But this was a Mistake:
For 19 Julian Solar Years contain | 6939d, | 18h, | 0´, | 0´´, | 0´´´ |
Whereas 235 Synodical Months contain only | 6939, | 16, | 31, | 56, | 30 |
And are therefore less than 19 Julian Solar Years by | 0, | 1, | 28, | 3, | 30. |
This Difference amounts to a whole Day very nearly in 310.7 Years, the New Moons anticipating,[4] or falling earlier, by 24 Hours in that Space of Time, than they did before: And therefore now in the Year 1750, the New Moons happen above four Days and a half sooner, than the Times pointed out by the Golden Numbers in the Calendar.
In order therefore to preserve a sort of regular Correspondence betwixt the Solar and the Lunar Years, and to make the Golden Numbers, prefixed to the Days of the Month, useful for determining the Times of the New Moons, it would be necessary, when once those Golden Numbers should have been prefixed to the proper Days, to make them anticipate a Day at the End of every 310.7 Years, as the Moons will actually have done; that is to set them back one Day, by prefixing each of them to the Day preceding that, against which they before stood.
But as such a Rule would neither be so easily comprehended or retained in Memory, as if the Alteration was to be made at the End or at the Beginning of complete Centuries of Years; the Rule would be much more fit for Practice, and keep sufficiently near to the Truth, if those Numbers should be set back nine Days in the Space of 2800 Years; by setting them back one Day, first at the End of 400 Years, and then at the End of every 300 Years for eight times successively: whereby they would be set back, in the whole, nine Days in 2800 Years. After which they must again be set one Day back at the End of 400 Years, and so on, as in the preceding 2800 Years. By which means the Golden Numbers would always point out the mean Times of the New Moons, within a Day of the Truth.

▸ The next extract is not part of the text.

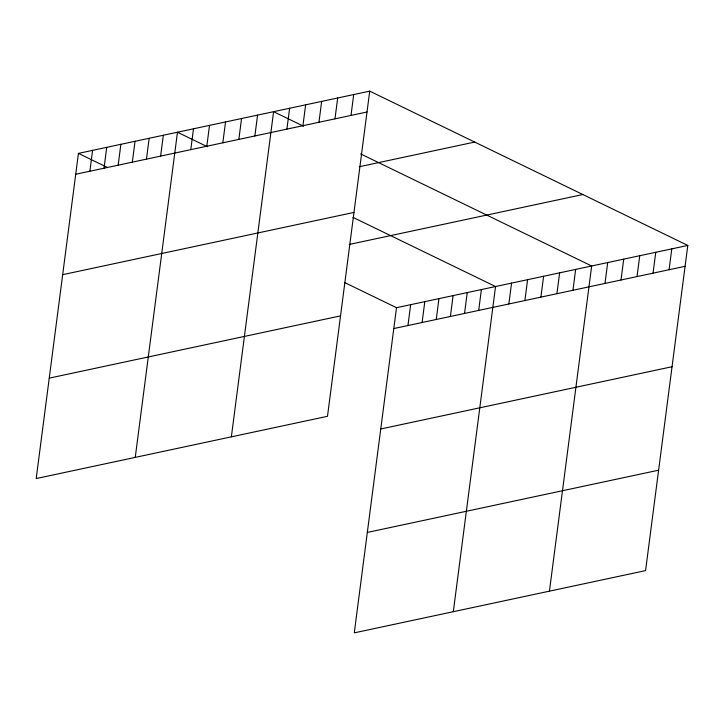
<?xml version="1.0" encoding="UTF-8"?>
<svg xmlns="http://www.w3.org/2000/svg" width="724" height="724" viewBox="0 0 724 724"><rect width="100%" height="100%" fill="white"/><g stroke="black" fill="none" stroke-linecap="round" stroke-linejoin="round"><path stroke-width="1.09" d="M369.72 91.143L78.427 153.388L36.2 478.555L327.492 416.3L369.72 91.143L687.8 245.445L645.573 570.612L354.28 632.857L396.508 307.7L687.8 245.445M89.867 171.226L92.582 150.366M104.021 168.203L106.727 147.343M118.166 165.181L120.872 144.32M132.32 162.158L135.026 141.298M146.465 159.135L149.171 138.275M160.61 156.113L163.325 135.252M135.243 457.387L177.47 132.23L207.462 146.773M190.783 149.66L193.489 128.8M206.802 146.239L209.517 125.379M222.82 142.818L225.535 121.958M238.848 139.388L241.554 118.528M254.866 135.967L257.572 115.107M231.363 436.844L273.6 111.686L303.591 126.229M286.912 129.116L289.618 108.256M302.931 125.695L305.637 104.835M318.949 122.275L321.664 101.414M334.977 118.845L337.683 97.993M350.995 115.424L353.701 94.563M407.947 325.538L410.653 304.677M422.092 322.515L424.807 301.655M436.246 319.492L438.952 298.632M450.391 316.46L453.097 295.609M464.536 313.438L467.251 292.587M478.691 310.415L481.397 289.555M453.315 611.689L495.551 286.532L352.923 217.345M508.854 303.971L511.569 283.111M524.882 300.551L527.588 279.69M540.9 297.121L543.606 276.26M556.919 293.7L559.634 272.839M572.946 290.279L575.652 269.418M549.444 591.146L591.671 265.989L360.57 153.877M604.983 283.428L607.698 262.568M621.011 280.007L623.717 259.147M637.029 276.577L639.735 255.717M653.048 273.156L655.754 252.296M669.067 269.735L671.781 248.875M75.721 174.249L367.014 112.003M359.339 166.719L474.691 142.067M62.68 274.668L353.973 212.422M349.221 244.45L582.838 194.53M49.241 378.136L340.533 315.881M393.802 328.56L685.094 266.305M380.752 428.979L672.053 366.724M367.321 532.439L658.614 470.193M78.427 153.388L107.424 167.461M344.524 282.487L396.508 307.7"/></g></svg>

[5] It is plain however that the Lunar Year will have lost one Day more than ordinary, with respect to the Solar Year, whenever the New Moons shall have anticipated a whole Day; as they will have done at those times, when it is necessary that the Golden Numbers should, by the Rule just now given, be set back one Day: and consequently the Epact, for that and the succeeding Years, must exceed by an Unit the several corresponding Epacts of the preceding 19 Years.
For the Epact is the Difference, in whole Days, betwixt the common Julian Solar and the Lunar Year; the former being reckoned to consist of 365, and the latter of only 354 Days. If therefore the Solar and the Lunar Year at any time should commence on the same Day, the Solar would, at the End of the Year, have exceeded the Lunar by 11 Days; which Number 11 would be the Epact of the next Year: 22 would be the Epact of the Year following, and 33 the Epact of the Year after that, the Epacts increasing yearly by 11. But as often as this yearly Addition makes the Epact exceed 30, those 30 are rejected as making an intercalary Month, and only the Excess of the Epact above 30 is accounted the true Epact for that Year. Thus when the Epact would amount to 31, 32, 33, 34, &c. the 30 is rejected, and the Epact becomes 1, 2, 3, 4, &c.
Since therefore the Lunar Year will have lost a Day more than ordinary, in respect of the Solar Year, whenever it is necessary to set the Golden Numbers one Day back, as was before observed; it follows, that the Epact must at the same time be increased by an Unit more than usual: the Difference betwixt the Solar and the Lunar Year having been just so[6] much greater than usual. That is, 12 must be added, instead of 11, to the Epact of the preceding, in order to form what will be the Epact of the then present Year. Which Addition of an Unit extraordinary to one Epact will occasion all the subsequent Epacts (which will follow each other in the usual manner, each exceeding the foregoing by 11) to be greater by an Unit than their respectively corresponding Epacts of the preceding 19 Years.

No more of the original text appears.